→ **WHAT IS EXPECTED**
From the records below, output exactly the lines running from the line containing "- Flush:1: Slot profile:1" through the line containing "- Mate:6: Slot", and no others.

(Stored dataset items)
- - - - - - -
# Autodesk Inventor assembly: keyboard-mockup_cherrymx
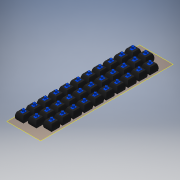
[picture p0: Inventor's stored thumbnail of the model, 180x180]
Saved by Autodesk Inventor 2016 (Build 200138000, 138)
## iProperties
Created: 2016-12-08
Part Number: keyboard-mockup_cherrymx
Document SubType Name: Assembly
Designer: Cemra JC
Author: Cemra JC
## Documents named in this file (2)
- J:\The Files\The Software Files\Projects\stenotoppers\cherrymx\base-model\keyboard-mockup_cherrymx.iam
- J:\The Files\The Software Files\Projects\stenotoppers\cherrymx\base-model\keyswitch_cherrymx.iam
## Components (32 placed, 1 different names)
1. keyswitch_cherrymx:3 [sub-assembly] — XZ-Constrain Row 1, Row 1 to Row 2 (vertical)
2. keyswitch_cherrymx:4 [sub-assembly]
3. keyswitch_cherrymx:5 [sub-assembly]
4. keyswitch_cherrymx:6 [sub-assembly]
5. keyswitch_cherrymx:7 [sub-assembly]
6. keyswitch_cherrymx:8 [sub-assembly]
7. keyswitch_cherrymx:9 [sub-assembly]
8. keyswitch_cherrymx:10 [sub-assembly]
9. keyswitch_cherrymx:11 [sub-assembly]
10. keyswitch_cherrymx:12 [sub-assembly]
11. keyswitch_cherrymx:13 [sub-assembly]
12. keyswitch_cherrymx:2 [sub-assembly] — XZ-Constrain Row 2, Row 1 to Row 2 (vertical), Row 2 to Row 3 (vertical)
13. keyswitch_cherrymx:14 [sub-assembly]
14. keyswitch_cherrymx:15 [sub-assembly]
15. keyswitch_cherrymx:16 [sub-assembly]
16. keyswitch_cherrymx:17 [sub-assembly]
17. keyswitch_cherrymx:18 [sub-assembly]
18. keyswitch_cherrymx:19 [sub-assembly]
19. keyswitch_cherrymx:20 [sub-assembly]
20. keyswitch_cherrymx:21 [sub-assembly]
21. keyswitch_cherrymx:22 [sub-assembly]
22. keyswitch_cherrymx:23 [sub-assembly]
23. keyswitch_cherrymx:1 [sub-assembly] — XZ-Constrain Row 3, Row 2 to Row 3 (vertical)
24. keyswitch_cherrymx:24 [sub-assembly]
25. keyswitch_cherrymx:25 [sub-assembly]
26. keyswitch_cherrymx:26 [sub-assembly]
27. keyswitch_cherrymx:27 [sub-assembly]
28. keyswitch_cherrymx:28 [sub-assembly]
29. keyswitch_cherrymx:29 [sub-assembly]
30. keyswitch_cherrymx:30 [sub-assembly]
31. keyswitch_cherrymx:31 [sub-assembly]
32. keyswitch_cherrymx:32 [sub-assembly]
## Component patterns: Row 1 (11 elements), Row 2 (11 elements), Row 3 (10 elements)
## Relationships (5: Mate 5)
- XZ-Constrain Row 1 [Mate]: keyswitch_cherrymx:3
- XZ-Constrain Row 2 [Mate]: keyswitch_cherrymx:2
- XZ-Constrain Row 3 [Mate]: keyswitch_cherrymx:1
- Row 1 to Row 2 (vertical) [Mate] (5 mm): keyswitch_cherrymx:3 ↔ keyswitch_cherrymx:2
- Row 2 to Row 3 (vertical) [Mate] (5 mm): keyswitch_cherrymx:2 ↔ keyswitch_cherrymx:1
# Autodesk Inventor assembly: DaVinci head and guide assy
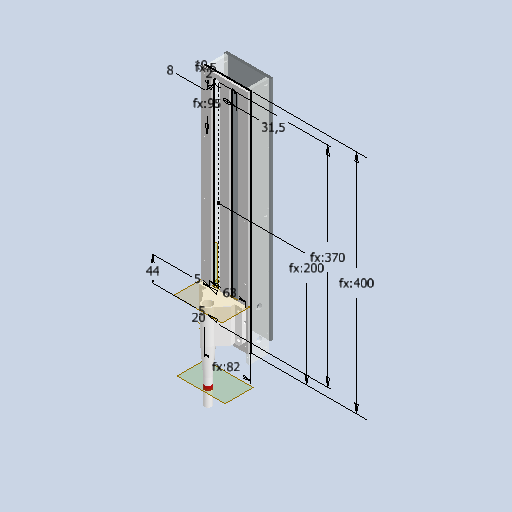
[picture p0: Inventor's stored thumbnail of the model, 512x512]
Saved by Autodesk Inventor 2022 (Build 260153000, 153)
## iProperties
Created: 2021-11-04
Part Number: DaVinci head and guide assy
Document SubType Name: Assembly
Designer: espen
Mass: 587.663 g
Surface Area: 2187.27 cm^2
Volume: 519.448 cm^3
Density: 1.13132 g/cm^3
Author: espen
## Documents named in this file (5)
- C:\Users\alexw\Documents\Inventor\Projects\03_CurrentProjects\MasterThesis\PSM_V1_Rillenkugellager\DaVinci head and guide assy.iam
- C:\Users\alexw\Documents\Inventor\Projects\03_CurrentProjects\MasterThesis\PSM_V1_Rillenkugellager\Slot profile.ipt
- C:\Users\alexw\Documents\Inventor\Projects\03_CurrentProjects\MasterThesis\PSM_V1_Rillenkugellager\Side plate profile.ipt
- C:\Users\alexw\Documents\Inventor\Projects\03_CurrentProjects\MasterThesis\PSM_V1_Rillenkugellager\Back plate profile.ipt
- C:\Users\alexw\Documents\Inventor\Projects\03_CurrentProjects\MasterThesis\PSM_V1_Rillenkugellager\Guide.ipt
## Components (5 placed, 4 different names)
1. Slot profile:1 — Mate:1, Flush:1, Flush:2, Mate:2, Mate:3, Mate:5, Mate:6, Mate:11, Mate:12, Mate:13
2. Side plate profile:1 — Mate:2, Mate:3, Mate:8, Mate:9, Passend:14, Passend:15, Winkel:1, Winkel:2
3. Side plate profile:2 — Mate:5, Mate:6
4. Back plate profile:1 — Mate:8, Mate:9
5. Guide:1 — Mate:11, Mate:12, Mate:13
## Relationships (21: Mate 16, Flush 2, Angle 2, Symmetry 1)
- Mate:1: Slot profile:1
- Flush:1: Slot profile:1
- Flush:2: Slot profile:1
- Mate:2: Slot profile:1 ↔ Side plate profile:1
- Mate:3: Slot profile:1 ↔ Side plate profile:1
- Mate:5: Slot profile:1 ↔ Side plate profile:2
- Mate:6: Slot profile:1 ↔ Side plate profile:2
- Mate:8: Side plate profile:1 ↔ Back plate profile:1
- Mate:9: Side plate profile:1 ↔ Back plate profile:1
- Mate:11: Slot profile:1 ↔ Guide:1
- Mate:12: Slot profile:1 ↔ Guide:1
- Mate:13: Slot profile:1 ↔ Guide:1
- Passend:14 [Mate]: Side plate profile:1
- Passend:15 [Mate]: Side plate profile:1
- Passend:16 [Mate]
- Winkel:1 [Angle] (0 deg): Side plate profile:1
- Passend:17 [Mate]
- Winkel:2 [Angle] (0 deg): Side plate profile:1
- Symmetrie:1
- Passend:18 [Mate]
- Passend:19 [Mate]
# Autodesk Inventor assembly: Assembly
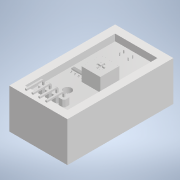
[picture p0: Inventor's stored thumbnail of the model, 180x180]
Saved by Autodesk Inventor 2020 (Build 240168000, 168)
## iProperties
Created: 2019-07-08
Part Number: Assembly
Document SubType Name: Assembly
Designer: simon
Author: simon
## Documents named in this file (3)
- Z:\Dropbox\Coding\3dprint\projects\TCRT5000_Ferraris\Assembly.iam
- Z:\Dropbox\Coding\3dprint\projects\TCRT5000_Ferraris\Holder.ipt
- Z:\Dropbox\Coding\3dprint\projects\TCRT5000_Ferraris\Imported Components\TCRT5000\TCRT5000.ipt
## Components (2 placed, 2 different names)
1. Holder:1 — Mate:1, Mate:2, Mate:3
2. TCRT5000:1 — Mate:1, Mate:2, Mate:3
## Relationships (3: Mate 3)
- Mate:1: Holder:1 ↔ TCRT5000:1
- Mate:2 (1 mm): Holder:1 ↔ TCRT5000:1
- Mate:3 (1 mm): Holder:1 ↔ TCRT5000:1
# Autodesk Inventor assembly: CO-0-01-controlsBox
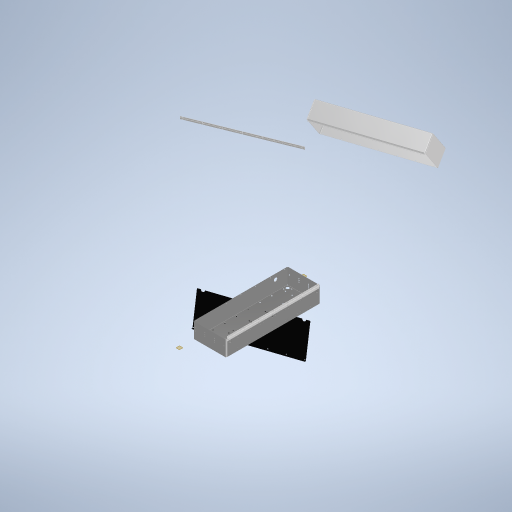
[picture p0: Inventor's stored thumbnail of the model, 512x512]
Saved by Autodesk Inventor 2023 (Build 270158000, 158)
## iProperties
Created: 2023-04-11
Part Number: CO-0-01-controlsBox
Document SubType Name: Weldment
Designer: t205b
Weld Material: Welded Aluminum-6061
Mass: 4095.48 g
Surface Area: 13841.4 cm^2
Volume: 1516.85 cm^3
Density: 2.7 g/cm^3
Author: t205b
## Documents named in this file (5)
- C:\Users\t205b\OneDrive\Documents\Github\BehrendURCMechanical\CAD\Controls\CO-0-04-controlsBoxProtocase.iam
- C:\Users\t205b\OneDrive\Documents\Github\BehrendURCMechanical\CAD\Controls\CO-1-04-controlsBox.ipt
- C:\Users\t205b\OneDrive\Documents\Github\BehrendURCMechanical\CAD\Controls\CO-1-02-controlsSeperator.ipt
- C:\Users\t205b\OneDrive\Documents\Github\BehrendURCMechanical\CAD\Controls\CO-1-02-controlsLid.ipt
- C:\Users\t205b\OneDrive\Documents\Github\BehrendURCMechanical\CAD\Controls\Tight-Clearance_Piano_Hinge.ipt
## Components (5 placed, 4 different names)
1. CO-1-04-controlsBox:1 — Mate:3, Mate:4, Mate:5, Mate:6
2. CO-1-02-controlsSeperator:1
3. CO-1-02-controlsLid:1
4. Tight-Clearance_Piano_Hinge:1
5. Tight-Clearance_Piano_Hinge:2 — Mate:5, Mate:6
## Relationships (5: Mate 5)
- [Mate]: CO-1-04-controlsBox:1
- Mate:3: CO-1-04-controlsBox:1
- Mate:4: CO-1-04-controlsBox:1
- Mate:5: CO-1-04-controlsBox:1 ↔ Tight-Clearance_Piano_Hinge:2
- Mate:6 (-10 mm): CO-1-04-controlsBox:1 ↔ Tight-Clearance_Piano_Hinge:2
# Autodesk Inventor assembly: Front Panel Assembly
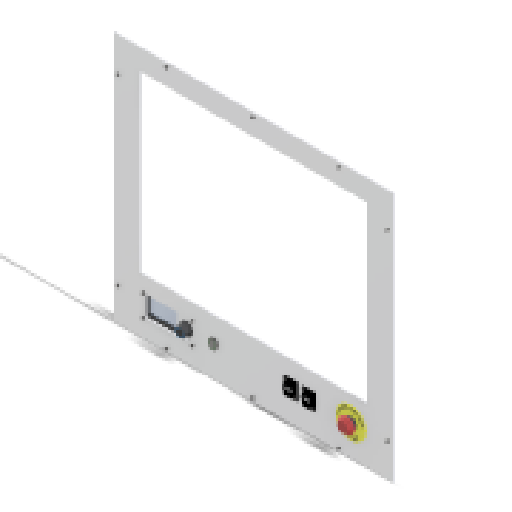
[picture p0: Inventor's stored thumbnail of the model, 512x512]
Saved by Autodesk Inventor 2023.2 (Build 272271000, 271)
## iProperties
Created: 2023-02-06
Part Number: Front Panel Assembly
Document SubType Name: Assembly
Designer: remop
Author: remop
## Documents named in this file (11)
- C:\Users\remop\OneDrive\Documents\Inventor\3D Printers\LuEVO\Mk5_FullKinematic\Frame and Panels\Front Panel Assembly.iam
- C:\Users\remop\OneDrive\Documents\Inventor\3D Printers\LuEVO\Mk5_FullKinematic\Frame and Panels\Front Panel.ipt
- C:\Users\remop\OneDrive\Documents\Inventor\Content Center Files\R2023\en-US\AS 1420\AS 1420 - 1973 - M3 x 6.ipt
- C:\Users\remop\OneDrive\Documents\Inventor\3D Printers\LuEVO\Mk5_FullKinematic\Electronics\Baseframe Electronics\E-Stop Plate (Yellow).ipt
- C:\Users\remop\OneDrive\Documents\Inventor\3D Printers\LuEVO\Mk5_FullKinematic\Electronics\Baseframe Electronics\E-Stop Plate (Black).ipt
- C:\Users\remop\OneDrive\Documents\Inventor\3D Printers\LuEVO\Mk5_FullKinematic\Electronics\Baseframe Electronics\E-Stop Dummy.ipt
- C:\Users\remop\OneDrive\Documents\Inventor\3D Printers\LuEVO\Mk5_FullKinematic\Electronics\BTT Mini 12864 V1.0.ipt
- C:\Users\remop\OneDrive\Documents\Inventor\3D Printers\LuEVO\Mk5_FullKinematic\Electronics\Delock Panel Connector.ipt
- C:\Users\remop\OneDrive\Documents\Inventor\3D Printers\LuEVO\Mk5_FullKinematic\Electronics\Power Button.ipt
- C:\Users\remop\OneDrive\Documents\Inventor\Content Center Files\R2023\en-US\AS 1420\AS 1420 - 1973 - M3 x 16.ipt
- C:\Users\remop\OneDrive\Documents\Inventor\Content Center Files\R2023\en-US\AS 1420\AS 1420 - 1973 - M3 x 12.ipt
## Components (26 placed, 10 different names)
1. Front Panel:1 — Insert:1, Insert:2, Insert:3, Insert:4, Insert:5, Insert:6, Insert:7, Insert:8, Insert:9, Insert:10, Rotational:1, Flush:1, Flush:2, Flush:3, Rigid:3, Rotational:2, Insert:11, Insert:12, Insert:13, Insert:14
2. AS 1420 - Metric M3 x 6:1 — Insert:1
3. AS 1420 - Metric M3 x 6:2 — Insert:2
4. AS 1420 - Metric M3 x 6:3 — Insert:3
5. AS 1420 - Metric M3 x 6:4 — Insert:4
6. AS 1420 - Metric M3 x 6:5 — Insert:5
7. AS 1420 - Metric M3 x 6:6 — Insert:6
8. AS 1420 - Metric M3 x 6:7 — Insert:7
9. AS 1420 - Metric M3 x 6:8 — Insert:8
10. AS 1420 - Metric M3 x 6:9 — Insert:9
11. AS 1420 - Metric M3 x 6:10 — Insert:10
12. E-Stop Plate (Yellow):1 — Rotational:1
13. E-Stop Plate (Black):1
14. E-Stop Dummy:1
15. BTT Mini 12864 V1.0:1 — Flush:1, Flush:2, Flush:3
16. Delock Panel Connector:1 — Rigid:3, Insert:15, Insert:16
17. Delock Panel Connector:2 — Rotational:2, Mate:1, Mate:2, Mate:3, Mate:4
18. Power Button:1
19. AS 1420 - Metric M3 x 16:1 — Insert:11
20. AS 1420 - Metric M3 x 16:2 — Insert:12
21. AS 1420 - Metric M3 x 16:3 — Insert:13
22. AS 1420 - Metric M3 x 16:4 — Insert:14
23. AS 1420 - Metric M3 x 12:1 — Insert:15
24. AS 1420 - Metric M3 x 12:2 — Insert:16
25. AS 1420 - Metric M3 x 12:3 — Mate:1, Mate:2
26. AS 1420 - Metric M3 x 12:4 — Mate:3, Mate:4
## Relationships (26: Insert 16, Mate 4, Flush 3, RevoluteJoint 2, WeldJoint 1)
- Insert:1: Front Panel:1 ↔ AS 1420 - Metric M3 x 6:1
- Insert:2: Front Panel:1 ↔ AS 1420 - Metric M3 x 6:2
- Insert:3: Front Panel:1 ↔ AS 1420 - Metric M3 x 6:3
- Insert:4: Front Panel:1 ↔ AS 1420 - Metric M3 x 6:4
- Insert:5: Front Panel:1 ↔ AS 1420 - Metric M3 x 6:5
- Insert:6: Front Panel:1 ↔ AS 1420 - Metric M3 x 6:6
- Insert:7: Front Panel:1 ↔ AS 1420 - Metric M3 x 6:7
- Insert:8: Front Panel:1 ↔ AS 1420 - Metric M3 x 6:8
- Insert:9: Front Panel:1 ↔ AS 1420 - Metric M3 x 6:9
- Insert:10: Front Panel:1 ↔ AS 1420 - Metric M3 x 6:10
- Rotational:1 [RevoluteJoint]: Front Panel:1 ↔ E-Stop Plate (Yellow):1
- Flush:1 (3 mm): Front Panel:1 ↔ BTT Mini 12864 V1.0:1
- Flush:2 (27 mm): Front Panel:1 ↔ BTT Mini 12864 V1.0:1
- Flush:3 (380 mm): Front Panel:1 ↔ BTT Mini 12864 V1.0:1
- Rigid:3 [WeldJoint]: Front Panel:1 ↔ Delock Panel Connector:1
- Rotational:2 [RevoluteJoint]: Front Panel:1 ↔ Delock Panel Connector:2
- Insert:11: Front Panel:1 ↔ AS 1420 - Metric M3 x 16:1
- Insert:12: Front Panel:1 ↔ AS 1420 - Metric M3 x 16:2
- Insert:13: Front Panel:1 ↔ AS 1420 - Metric M3 x 16:3
- Insert:14: Front Panel:1 ↔ AS 1420 - Metric M3 x 16:4
- Insert:15: Delock Panel Connector:1 ↔ AS 1420 - Metric M3 x 12:1
- Insert:16: Delock Panel Connector:1 ↔ AS 1420 - Metric M3 x 12:2
- Mate:1: Delock Panel Connector:2 ↔ AS 1420 - Metric M3 x 12:3
- Mate:2: Delock Panel Connector:2 ↔ AS 1420 - Metric M3 x 12:3
- Mate:3: Delock Panel Connector:2 ↔ AS 1420 - Metric M3 x 12:4
- Mate:4: Delock Panel Connector:2 ↔ AS 1420 - Metric M3 x 12:4
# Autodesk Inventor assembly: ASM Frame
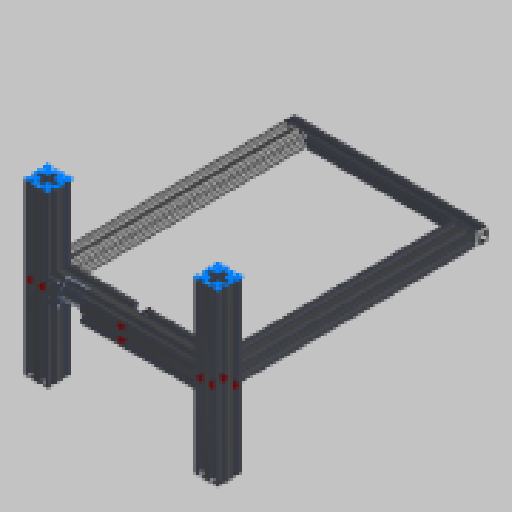
[picture p0: Inventor's stored thumbnail of the model, 512x512]
Saved by Autodesk Inventor 2025.4 (Build 294407000, 407)
## iProperties
Created: 2022-04-13
Part Number: ASM Frame
Document SubType Name: Assembly
Designer: javie
Author: javie
Revision Number: ANY
## Documents named in this file (8)
- C:\Users\Inema\OneDrive - INEMA S.A\Escritorio\Modelo Ender 3\ASM Frame.iam
- C:\Users\Inema\OneDrive - INEMA S.A\Escritorio\Modelo Ender 3\4040 profile.ipt
- C:\Users\Inema\OneDrive - INEMA S.A\Escritorio\Modelo Ender 3\4040-3 profile.ipt
- C:\Users\Inema\OneDrive - INEMA S.A\Escritorio\Modelo Ender 3\2020-2 profile.ipt
- C:\Users\Inema\OneDrive - INEMA S.A\Escritorio\Modelo Ender 3\2040-3R profile.ipt
- C:\Users\Inema\OneDrive - INEMA S.A\Escritorio\Modelo Ender 3\2040-3L profile.ipt
- C:\Users\Inema\OneDrive - INEMA S.A\Escritorio\Modelo Ender 3\2020 Endcap.ipt
- C:\Users\Inema\OneDrive - INEMA S.A\Escritorio\Modelo Ender 3\M5X45 Socket Head Screw.ipt
## Components (30 placed, 30 different names)
1. 4040 profile_265
2. 4040 profile_266
3. 4040-3 profile_267
4. 2020-2 profile_268 — Coincidencia:1, Nivelación:1, Nivelación:2
5. 2040-3R profile_269
6. 2040-3L profile_270
7. 2020 Endcap_272
8. 2020 Endcap_273
9. 2020 Endcap_274
10. M5X45 Socket Head Screw_275
11. M5X45 Socket Head Screw_276
12. M5X45 Socket Head Screw_277
13. M5X45 Socket Head Screw_278
14. M5X45 Socket Head Screw_279
15. M5X45 Socket Head Screw_280
16. M5X45 Socket Head Screw_281
17. M5X45 Socket Head Screw_282
18. M5X45 Socket Head Screw_283
19. M5X45 Socket Head Screw_284
20. M5X45 Socket Head Screw_285
21. M5X45 Socket Head Screw_286
22. M5X45 Socket Head Screw_287
23. M5X45 Socket Head Screw_288
24. 2020 Endcap_289
25. 2020 Endcap_290
26. 2020 Endcap_291
27. 2020 Endcap_292
28. 2020 Endcap_293
29. 2020 Endcap_294
30. 2020 Endcap:11 — Coincidencia:1, Nivelación:1, Nivelación:2
## Relationships (3: Flush 2, Mate 1)
- Coincidencia:1 [Mate]: 2020-2 profile_268 ↔ 2020 Endcap:11
- Nivelación:1 [Flush]: 2020-2 profile_268 ↔ 2020 Endcap:11
- Nivelación:2 [Flush]: 2020-2 profile_268 ↔ 2020 Endcap:11
- - - - - - -
→ **SOLUTION TO THIS TASK**
- Flush:1: Slot profile:1
- Flush:2: Slot profile:1
- Mate:2: Slot profile:1 ↔ Side plate profile:1
- Mate:3: Slot profile:1 ↔ Side plate profile:1
- Mate:5: Slot profile:1 ↔ Side plate profile:2
- Mate:6: Slot profile:1 ↔ Side plate profile:2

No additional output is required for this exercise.